ModSecurity is an efficient firewall for Apache web servers that's employed to prevent attacks toward web apps. It keeps track of the HTTP traffic to a certain site in real time and blocks any intrusion attempts the moment it identifies them. The firewall uses a set of rules to do that - for example, attempting to log in to a script administrator area without success a few times triggers one rule, sending a request to execute a certain file which may result in gaining access to the Internet site triggers a different rule, and so forth. ModSecurity is among the best firewalls out there and it'll secure even scripts that aren't updated frequently since it can prevent attackers from employing known exploits and security holes. Incredibly detailed data about each and every intrusion attempt is recorded and the logs the firewall maintains are a lot more comprehensive than the conventional logs created by the Apache server, so you can later analyze them and decide whether you need to take extra measures in order to enhance the security of your script-driven websites.
ModSecurity in Cloud Website Hosting
We provide ModSecurity with all cloud website hosting packages, so your Internet applications shall be resistant to malicious attacks. The firewall is activated by default for all domains and subdomains, but if you'd like, you will be able to stop it using the respective section of your Hepsia Control Panel. You could also switch on a detection mode, so ModSecurity will keep a log as intended, but will not take any action. The logs which you'll discover in Hepsia are incredibly detailed and feature info about the nature of any attack, when it occurred and from what IP, the firewall rule which was triggered, and so forth. We use a range of commercial rules that are regularly updated, but sometimes our admins add custom rules as well in order to better protect the sites hosted on our servers.
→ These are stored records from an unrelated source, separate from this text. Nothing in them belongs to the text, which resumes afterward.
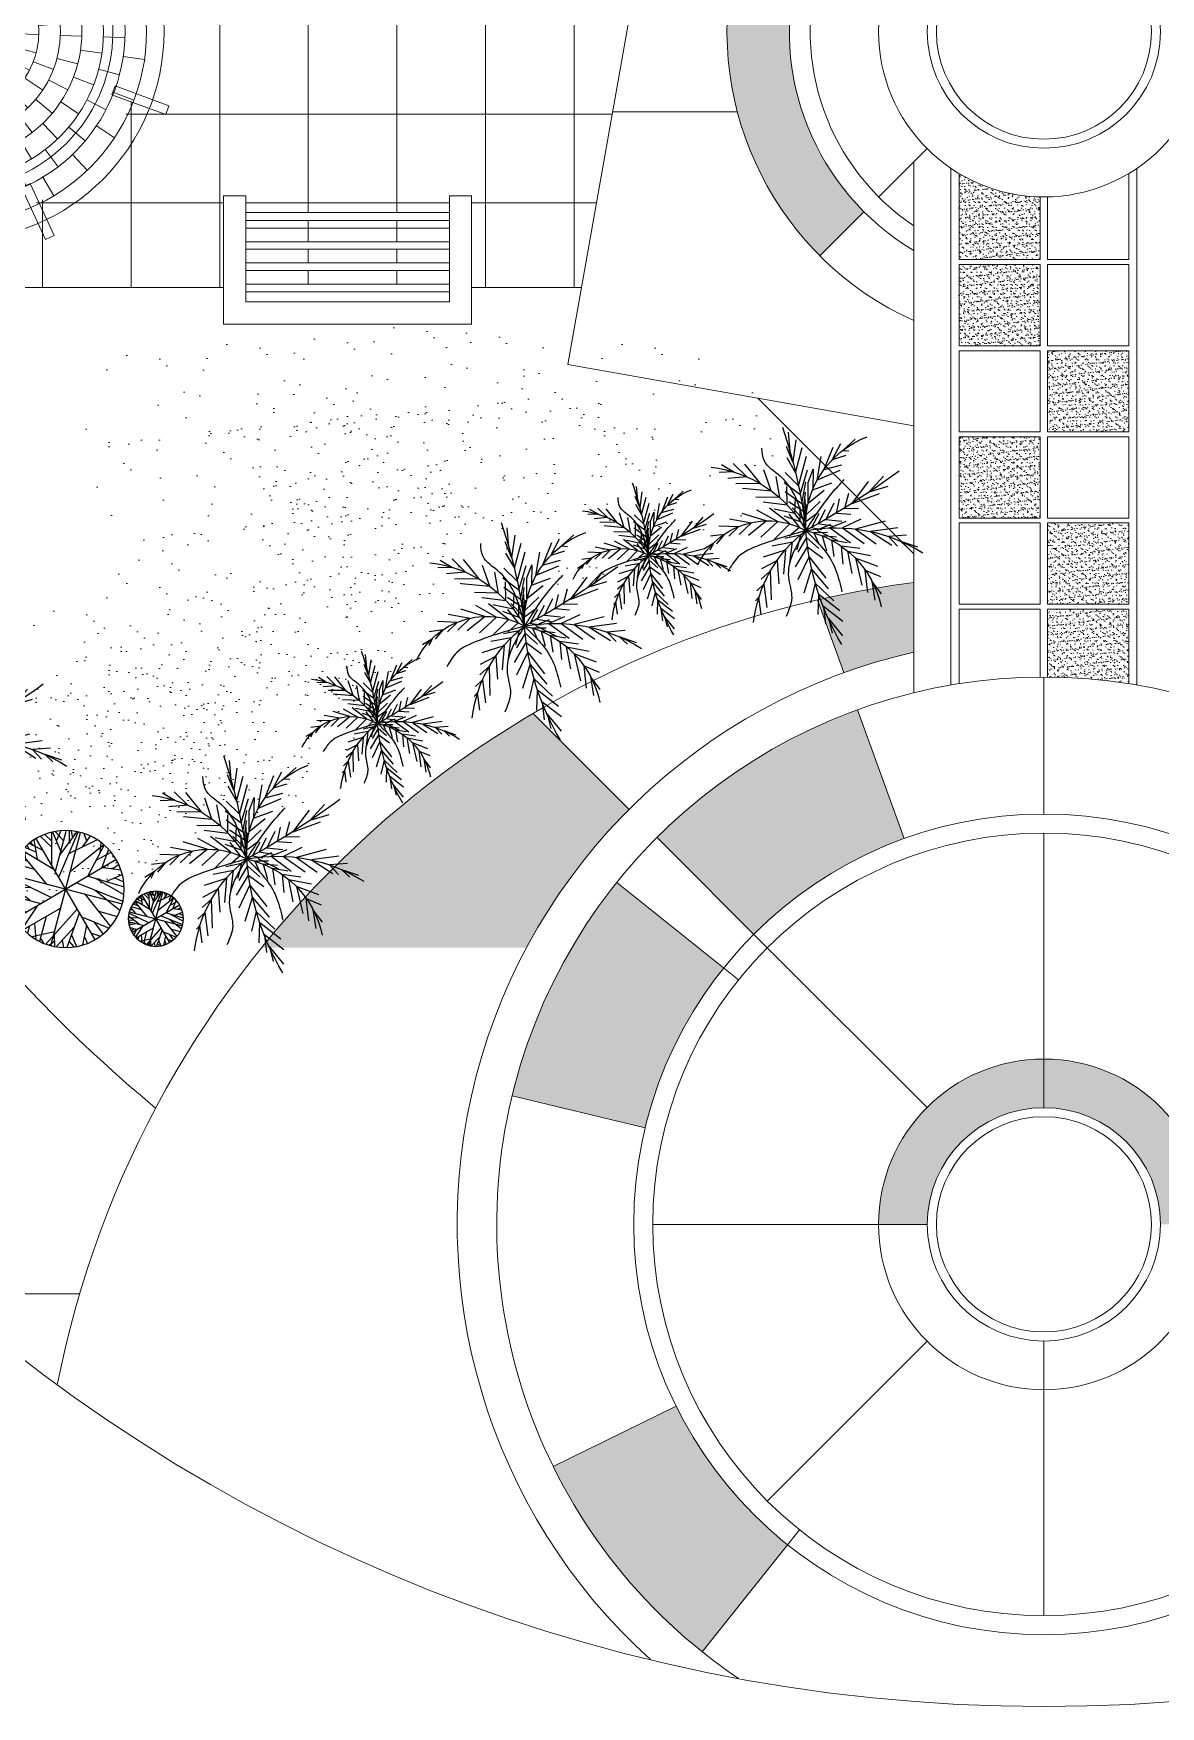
# Model space of a CAD drawing. Header units: millimetres. Extents: x 287 to 445, y 520 to 576.
# Drawn here: x 322.5 to 328.56, y 534.36 to 543.35 of the extents above; entities that cross this region are included whole.
import ezdxf

# ---------------------------------------------------------------- set-up
doc = ezdxf.new("R2010")
doc.units = ezdxf.units.MM
doc.header["$LTSCALE"] = 0.015
for name, color, linetype, lineweight in [('Layer2', 32, 'Continuous', 9), ('MOBILIARIO1', 34, 'Continuous', 9), ('pasto', 56, 'Continuous', 5), ('PISOS', 7, 'Continuous', 18), ('rene pluma 01', 135, 'Continuous', 9), ('rene pluma02', 25, 'Continuous', 20), ('vereda', 31, 'Continuous', 13)]:
    doc.layers.add(name, color=color, linetype=linetype, lineweight=lineweight)
doc.layers.add('puntos alameda', color=94, linetype='Continuous')
pattern_1 = [(37.5, (320.228761, 319.419657), (-0.001120022, 0.0342589266), [0, -0.0270256, 0, -0.030226, 0, -0.0288925]), (7.5, (320.22876, 319.419657), (0.03146663, 0.050177757), [0, -0.0145796, 0, -0.0243586, 0, -0.0093345]), (327.5, (320.206892, 319.419657), (0.055369466, 0.000100603), [0, -0.00889, 0, -0.032004, 0, -0.041783]), (317.5, (320.20689, 319.419657), (0.053448952, 0.015605053), [0, -0.004445, 0, -0.0209804, 0, -0.024003])]
pattern_2 = [(0, (-12.079, 0), (0, 3.175), []), (90, (-12.079, 0), (-3.175, 2e-16), [])]

# ---------------------------------------------------------------- blocks, each defined once
blk = doc.blocks.new('i')
at = {"layer": 'puntos alameda'}
for points in [[(6835.981, 3374.241), (6835.398, 3373.521), (6835.552, 3374.13)], [(6832.641, 3373.377), (6832.552, 3372.668), (6832.406, 3372.816)], [(6834.981, 3373.371), (6835, 3372.54), (6835.865, 3373.21)], [(6835.987, 3373.656), (6835.19, 3373.046), (6835.273, 3373.768)], [(6832.468, 3372.408), (6832.753, 3372.134), (6832.879, 3373.081)], [(6833.062, 3372.776), (6833.031, 3371.583), (6832.641, 3371.927)], [(6835.612, 3372.807), (6834.856, 3372.087), (6834.662, 3372.899)], [(6837.565, 3372.532), (6837.177, 3372.003), (6837.292, 3372.781)], [(6832.671, 3371.496), (6833.299, 3371.162), (6833.362, 3372.115)], [(6835.301, 3371.888), (6834.601, 3370.996), (6834.149, 3371.95)], [(6834.406, 3372.479), (6834.705, 3371.511), (6835.381, 3372.319)], [(6837.415, 3371.413), (6836.5, 3371.068), (6836.763, 3372.171)], [(6837.014, 3372.473), (6836.905, 3371.557), (6837.521, 3371.821)], [(6832.743, 3371.013), (6833.635, 3370.731), (6833.554, 3371.725)], [(6833.814, 3371.262), (6833.927, 3370.416), (6833.091, 3370.574)], [(6834.055, 3371.423), (6834.54, 3370.606), (6835.169, 3371.071)], [(6836.678, 3370.678), (6835.916, 3370.571), (6835.986, 3371.306)], [(6836.362, 3371.693), (6836.193, 3370.784), (6837.113, 3370.959)], [(6830.299, 3370.685), (6830.7, 3370.44), (6830.549, 3370.737)], [(6833.617, 3370.247), (6834.254, 3370.115), (6834.101, 3370.72)], [(6834.999, 3370.672), (6834.496, 3370.226), (6834.145, 3370.822)], [(6835.729, 3370.212), (6835.146, 3370.151), (6835.322, 3370.763)], [(6836.157, 3370.438), (6835.519, 3370.327), (6835.623, 3371.004)], [(6838.24, 3369.829), (6837.114, 3369.978), (6837.99, 3370.53)], [(6838.589, 3370.121), (6837.853, 3370.183), (6838.223, 3370.573)], [(6839.056, 3370.617), (6838.362, 3370.38), (6838.681, 3370.684)], [(6830.569, 3370.159), (6831.147, 3370.081), (6830.817, 3370.479)], [(6830.915, 3369.74), (6831.734, 3369.771), (6831.32, 3370.173)], [(6831.343, 3369.452), (6832.244, 3369.615), (6831.745, 3370.098)], [(6832.121, 3370.122), (6832.85, 3369.542), (6831.871, 3369.24)], [(6832.458, 3369.085), (6833.32, 3369.566), (6832.631, 3370.21)], [(6833.188, 3370.295), (6833.819, 3369.668), (6832.99, 3369.025)], [(6833.774, 3369.263), (6834.206, 3369.808), (6833.795, 3370.17)], [(6834.998, 3369.258), (6834.706, 3369.813), (6835.126, 3369.89)], [(6835.357, 3370.023), (6834.794, 3370.024), (6835.008, 3370.48)], [(6835.481, 3369.687), (6834.917, 3369.919), (6835.774, 3370.35)], [(6836.103, 3369.561), (6835.469, 3369.83), (6836.293, 3370.434)], [(6836.728, 3369.474), (6835.971, 3369.832), (6836.863, 3370.468)], [(6837.724, 3369.557), (6836.509, 3369.875), (6837.355, 3370.475)], [(6834.04, 3368.585), (6834.009, 3369.241), (6833.172, 3369.069)], [(6833.567, 3369.333), (6834.24, 3369.566), (6834.239, 3368.968)], [(6833.906, 3369.01), (6834.384, 3369.503), (6834.519, 3368.877)], [(6834.969, 3369.208), (6834.469, 3369.574), (6834.393, 3368.904)], [(6835.054, 3368.749), (6834.489, 3369.296), (6834.434, 3368.542)], [(6835.566, 3369.757), (6834.98, 3369.663), (6835.282, 3369.075)], [(6835.615, 3368.822), (6835.289, 3369.489), (6835.95, 3369.556)], [(6836.308, 3369.282), (6835.723, 3369.236), (6835.855, 3368.643)], [(6833.237, 3367.73), (6833.394, 3368.59), (6832.424, 3368.568)], [(6832.721, 3368.767), (6833.701, 3368.886), (6833.695, 3368.131)], [(6833.627, 3368.342), (6834.313, 3368.835), (6834.474, 3367.961)], [(6833.769, 3368.748), (6834.365, 3369.149), (6834.455, 3368.36)], [(6835.228, 3368.293), (6834.57, 3368.829), (6834.571, 3367.967)], [(6836.218, 3368.424), (6836.052, 3369.037), (6836.633, 3369.025)], [(6837.474, 3368.431), (6836.358, 3368.847), (6837.031, 3367.937)], [(6831.504, 3367.19), (6832.055, 3367.735), (6831.284, 3367.804)], [(6831.956, 3367.22), (6832.598, 3368.011), (6831.605, 3368.019)], [(6831.876, 3368.201), (6833.046, 3368.307), (6832.755, 3367.453)], [(6833.59, 3367.968), (6834.244, 3368.457), (6834.537, 3367.459)], [(6833.621, 3367.568), (6834.173, 3368.101), (6834.498, 3366.895)], [(6834.571, 3367.967), (6834.773, 3367.426), (6834.751, 3368.265), (6835.531, 3367.979)], [(6835.858, 3367.483), (6834.938, 3367.872), (6835.099, 3366.908)], [(6837.645, 3367.716), (6837.061, 3368.348), (6837.844, 3368.117)], [(6831.019, 3367.237), (6831.527, 3367.539), (6830.921, 3367.561)], [(6834.068, 3366.224), (6833.944, 3367.137), (6833.685, 3366.497)], [(6833.695, 3366.952), (6834.054, 3367.572), (6834.328, 3366.546)], [(6835.57, 3366.533), (6835.212, 3367.441), (6835.95, 3367.242)], [(6833.743, 3365.911), (6833.821, 3366.688)], [(6836.104, 3366.873), (6835.546, 3367.044), (6835.904, 3366.371)], [(6836.49, 3366.2), (6835.979, 3366.658), (6836.228, 3366.676)]]:
    blk.add_lwpolyline(points, dxfattribs=at)
for centre, radius, start, end in [((6845.114, 3369.143), 10.672, 149.27252, 175.71891), ((6837.864, 3374.365), 5.577, 186.80066, 232.53126), ((6833.609, 3373.876), 4.03, 282.3691, 348.27593), ((6832.926, 3372.746), 3.204, 206.16776, 298.85274), ((6835.697, 3376.513), 6.687, 259.43966, 302.1776), ((6830.032, 3372.38), 5.067, 276.42414, 331.19944), ((6814.481, 3372.25), 20.124, 341.02295, 353.4051), ((6838.322, 3369.721), 3.856, 176.75049, 249.57163), ((6816.597, 3337.663), 36.895, 53.99712, 61.02147)]:
    blk.add_arc(centre, radius, start, end, dxfattribs=at)
for points in [[(6834.472, 3369.939), (6833.762, 3371.844), (6833.893, 3372.69), (6833.66, 3373.458)], [(6834.472, 3369.939), (6835.615, 3371.353), (6835.902, 3372.251), (6835.948, 3372.439)], [(6834.472, 3369.939), (6832.571, 3370.538), (6831.694, 3371.028), (6831.285, 3371.607)], [(6834.472, 3369.939), (6833.439, 3367.726), (6832.769, 3367.07), (6832.677, 3366.563)], [(6834.472, 3369.939), (6835.56, 3368.386), (6836.04, 3367.852)]]:
    blk.add_spline(points, degree=3, dxfattribs=at)
blk = doc.blocks.new('A$C09AA4061')
at = {"layer": 'rene pluma02'}
for p, q in [((5.217, 10.8), (5.1, 11.39)), ((6.259, 10.89), (6.274, 11.492)), ((7.296, 10.75), (7.441, 11.334)), ((4.221, 10.484), (3.976, 11.034)), ((5.788, 10.275), (5.736, 10.874)), ((6.701, 10.253), (6.781, 10.849)), ((8.276, 10.387), (8.546, 10.925)), ((3.317, 9.956), (2.959, 10.44)), ((4.892, 10.096), (4.71, 10.669)), ((6.231, 9.688), (6.245, 10.289)), ((7.587, 10.032), (7.796, 10.596)), ((9.153, 9.817), (9.535, 10.283)), ((4.057, 9.726), (3.754, 10.245)), ((4.709, 9.384), (4.465, 9.934)), ((5.453, 9.621), (5.335, 10.21)), ((7.004, 9.584), (7.15, 10.167)), ((7.736, 9.312), (8.006, 9.85)), ((8.403, 9.622), (8.73, 10.126)), ((2.552, 9.244), (2.096, 9.637)), ((3.324, 9.181), (2.915, 9.622)), ((4.034, 8.991), (3.676, 9.474)), ((5.256, 8.95), (5.074, 9.523)), ((5.892, 9.077), (5.84, 9.676)), ((6.54, 9.061), (6.62, 9.657)), ((7.169, 8.904), (7.378, 9.468)), ((8.391, 8.887), (8.772, 9.352)), ((9.109, 9.043), (9.539, 9.464)), ((9.884, 9.07), (10.358, 9.44)), ((4.664, 8.687), (4.36, 9.206)), ((5.688, 8.441), (5.57, 9.031)), ((6.202, 8.486), (6.216, 9.087)), ((6.713, 8.417), (6.859, 9)), ((7.748, 8.613), (8.075, 9.118)), ((1.96, 8.382), (1.429, 8.665)), ((2.728, 8.49), (2.232, 8.829)), ((3.462, 8.459), (3.007, 8.852)), ((4.143, 8.301), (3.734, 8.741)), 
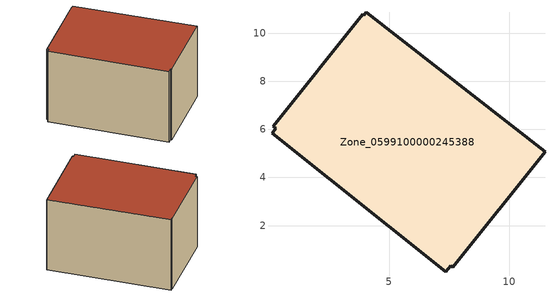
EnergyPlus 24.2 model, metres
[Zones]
Zone_0599100000245388
 floor ground (C_G): 7.56,0.33 7.35,0.07 0.12,5.83 0.28,6.04 0.16,6.13 3.9,10.8 3.94,10.77 4.04,10.89 11.49,5.08 7.64,0.26 z0.27
 wall outside (C_F): 0.28,6.04 0.12,5.83 7.35,0.07 7.56,0.33 7.64,0.26 11.49,5.08 4.04,10.89 3.94,10.77 3.9,10.8 0.16,6.13 0.28,6.04 z0.27:6.34
 roof outside (C_R): 3.94,10.77 3.9,10.8 0.16,6.13 0.28,6.04 0.12,5.83 7.35,0.07 7.56,0.33 7.64,0.26 11.49,5.08 4.04,10.89 z6.34
[BUILDING]
Pand.0599100000245388: North Axis=0; Terrain=City; Loads Convergence Tolerance Value=0.04; Temperature Convergence Tolerance Value=0.4; Solar Distribution=FullExterior; Maximum Number of Warmup Days=25; Minimum Number of Warmup Days=1
[Site:Location]
Rotterdam.The.Hague.AP_ZH_NLD Design_Conditions: Latitude=51.96; Longitude=4.45; Time Zone=1; Elevation=-4.5
[SITE:GROUNDTEMPERATURE:BUILDINGSURFACE]
18, 18, 18, 18, 18, 18, 18, 18, 18, 18, 18, 18
[MATERIAL] Thermal Absorptance=0.9; Solar Absorptance=0.7; Visible Absorptance=0.7
Name | Roughness | Thickness | Conductivity | Density | Specific Heat
G.TC.1946-1964 | MediumSmooth | 0.15 | 1 | 540 | 1210
F.TC.1946-1964 | Rough | 0.3 | 0.857143 | 1920 | 840
R.TC.1946-1964 | MediumRough | 0.2 | 0.235294 | 1500 | 1000
[CONSTRUCTION]
C_G: G.TC.1946-1964
C_F: F.TC.1946-1964
C_R: R.TC.1946-1964
[ZONE]
Zone_0599100000245388: Type=1; Multiplier=1; Ceiling Height=Autocalculate; Volume=Autocalculate; Floor Area=autocalculate; Part of Total Floor Area=Yes
[ZONEINFILTRATION:DESIGNFLOWRATE]
Infil_Zone_0599100000245388: Zone or ZoneList or Space or SpaceList=Zone_0599100000245388; Schedule=AlwaysOn; Design Flow Rate Calculation Method=Flow/Area; Flow Rate per Floor Area=0.003; Constant Term Coefficient=1; Temperature Term Coefficient=0; Velocity Term Coefficient=0; Velocity Squared Term Coefficient=0
[HVACTEMPLATE:ZONE:IDEALLOADSAIRSYSTEM]
Zone_0599100000245388: Maximum Heating Supply Air Temperature=50; Minimum Cooling Supply Air Temperature=13; Maximum Heating Supply Air Humidity Ratio=0.0156; Minimum Cooling Supply Air Humidity Ratio=0.0077; Heating Limit=NoLimit; Cooling Limit=NoLimit; Dehumidification Control Type=ConstantSensibleHeatRatio; Cooling Sensible Heat Ratio=0.7; Dehumidification Setpoint=60; Humidification Control Type=None; Humidification Setpoint=30; Outdoor Air Method=None; Outdoor Air Flow Rate per Person=0.00944; Outdoor Air Flow Rate per Zone Floor Area=0; Outdoor Air Flow Rate per Zone=0; Demand Controlled Ventilation Type=None; Outdoor Air Economizer Type=NoEconomizer; Heat Recovery Type=None; Sensible Heat Recovery Effectiveness=0.7; Latent Heat Recovery Effectiveness=0.65
[ZONECONTROL:THERMOSTAT]
ThermostatControl_Zone_0599100000245388: Zone or ZoneList=Zone_0599100000245388; Control Type Schedule=DualSetpointControlType; Control 1=Thermostat_Zone_0599100000245388; Temperature Difference Between Cutout And Setpoint=0
[THERMOSTATSETPOINT:DUALSETPOINT]
Thermostat_Zone_0599100000245388: Heating Setpoint Temperature Schedule=HeatingSetpoint_Zone_0599100000245388; Cooling Setpoint Temperature Schedule=CoolingSetpoint_Zone_0599100000245388
[SCHEDULE:COMPACT]
HeatingSetpoint_Zone_0599100000245388: Through: 12/31, For: AllDays, Until: 24:00, 21
CoolingSetpoint_Zone_0599100000245388: Through: 12/31, For: AllDays, Until: 24:00, 24
DualSetpointControlType: Through: 12/31, For: AllDays, Until: 24:00, 4
AlwaysOn: Through: 12/31, For: AllDays, Until: 24:00, 1
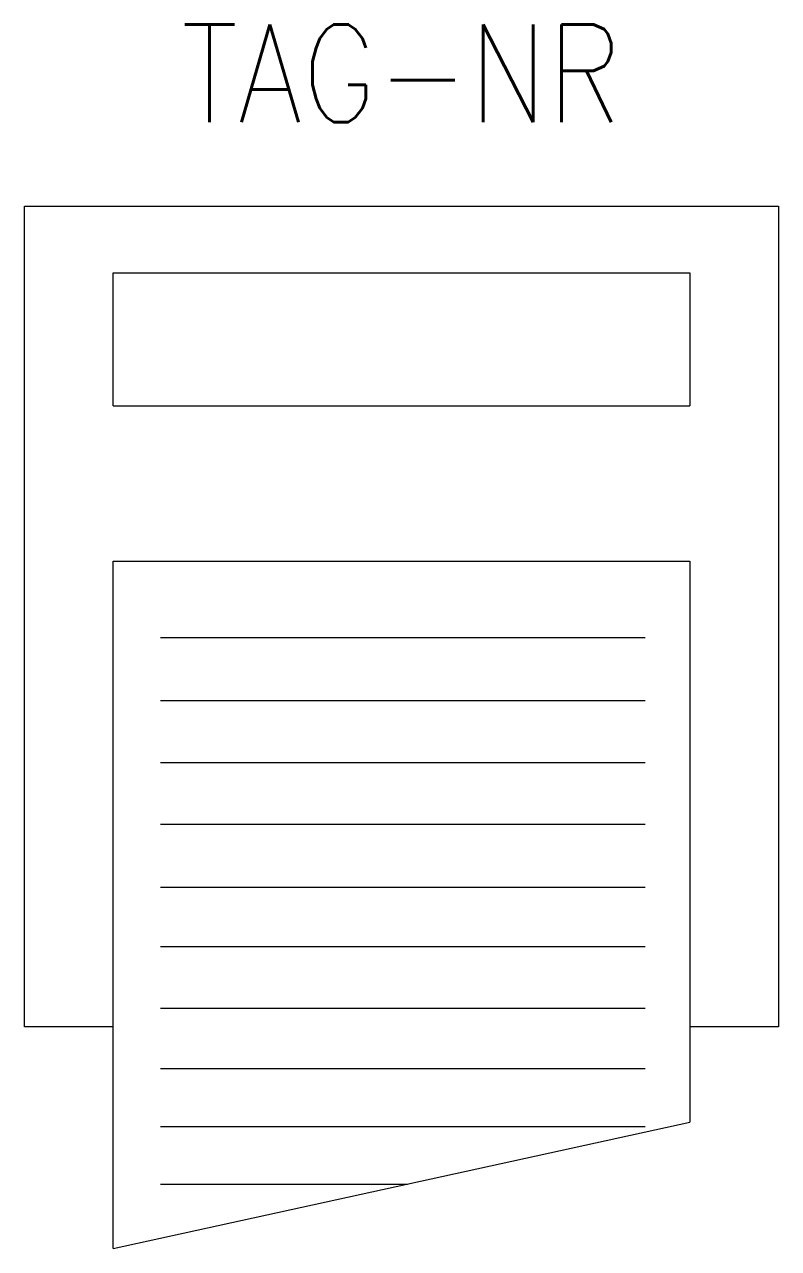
# Model space of a CAD drawing. Extents: x 173.1 to 190.1, y 100.6 to 128.2.
import ezdxf
from ezdxf.enums import TextEntityAlignment as Align

# ---------------------------------------------------------------- set-up
doc = ezdxf.new("R2010")
doc.units = 0
doc.header["$LTSCALE"] = 6
doc.layers.add('1', color=7, linetype='CONTINUOUS')
doc.styles.get("Standard").update_dxf_attribs({"font": 'simplex', "width": 0.85})

msp = doc.modelspace()

# ---------------------------------------------------------------- linework, layer by layer
at = {"layer": '1', "color": 0}
for p, q in [((173.127, 124.092), (190.127, 124.092)), ((173.127, 105.592), (173.127, 124.092)), ((190.127, 124.092), (190.127, 105.592)), ((175.127, 122.592), (188.127, 122.592)), ((175.127, 119.592), (175.127, 122.592)), ((188.127, 122.592), (188.127, 119.592)), ((175.127, 119.592), (188.127, 119.592)), ((175.127, 100.592), (175.127, 116.092)), ((175.127, 116.092), (188.127, 116.092)), ((188.127, 116.092), (188.127, 103.438)), ((176.191, 114.371), (187.123, 114.371)), ((176.191, 112.947), (187.123, 112.947)), ((176.191, 111.554), (187.123, 111.554)), ((176.191, 110.161), (187.123, 110.161)), ((176.191, 108.738), (187.123, 108.738)), ((176.191, 107.405), (187.123, 107.405)), ((176.191, 106.012), (187.123, 106.012)), ((175.127, 105.592), (173.127, 105.592)), ((190.127, 105.592), (188.127, 105.592)), ((176.191, 104.649), (187.123, 104.649)), ((175.127, 100.592), (188.127, 103.438)), ((176.191, 103.347), (187.123, 103.347)), ((176.191, 102.044), (181.761, 102.044))]:
    msp.add_line(p, q, dxfattribs=at)

# ---------------------------------------------------------------- texts
at = {"layer": '1', "color": 0, "width": 0.85}
msp.add_attdef('TAG-NR', text='', height=2.2, dxfattribs=at).set_placement((181.627, 127.092), align=Align.MIDDLE)

doc.saveas('drawing.dxf')

ModSecurity in Semi-dedicated Servers
We have integrated ModSecurity as a standard within all semi-dedicated server packages, so your web apps shall be protected as soon as you set them up under any domain or subdomain. The Hepsia Control Panel that is included with the semi-dedicated accounts will allow you to switch on or turn off the firewall for any website with a click. You will also have the ability to activate a passive detection mode in which ModSecurity shall keep a log of potential attacks without actually stopping them. The thorough logs include things like the nature of the attack and what ModSecurity response this attack triggered, where it came from, etcetera. The list of rules we employ is frequently updated in order to match any new threats which could appear on the Internet and it consists of both commercial rules that we get from a security company and custom-written ones which our admins include in the event that they discover a threat that is not present inside the commercial list yet.
ModSecurity in VPS Servers
All VPS servers that are offered with the Hepsia Control Panel come with ModSecurity. The firewall is set up and switched on by default for all domains which are hosted on the machine, so there will not be anything special that you shall have to do to protect your Internet sites. It'll take you a click to stop ModSecurity if required or to activate its passive mode so that it records what happens without taking any actions to prevent intrusions. You will be able to view the logs created in passive or active mode through the corresponding section of Hepsia and find out more about the type of the attack, where it originated from, what rule the firewall employed to handle it, and so forth. We employ a mix of commercial and custom rules in order to ensure that ModSecurity shall stop as many risks as possible, thus enhancing the protection of your web applications as much as possible.
ModSecurity in Dedicated Servers
When you opt to host your sites on a dedicated server with the Hepsia CP, your web applications will be secured right away since ModSecurity is provided with all Hepsia-based plans. You shall be able to manage the firewall effortlessly and if required, you will be able to turn it off or switch on its passive mode when it shall only maintain a log of what is going on without taking any action to stop possible attacks. The logs that you'll find within the very same section of the Control Panel are really detailed and feature data about the attacker IP, what site and file were attacked and in what ways, what rule the firewall used to prevent the intrusion, etcetera. This data will enable you to take measures and increase the security of your websites even more. To be on the safe side, we employ not only commercial rules, but also custom-made ones which our administrators include whenever they recognize attacks which haven't yet been included within the commercial pack.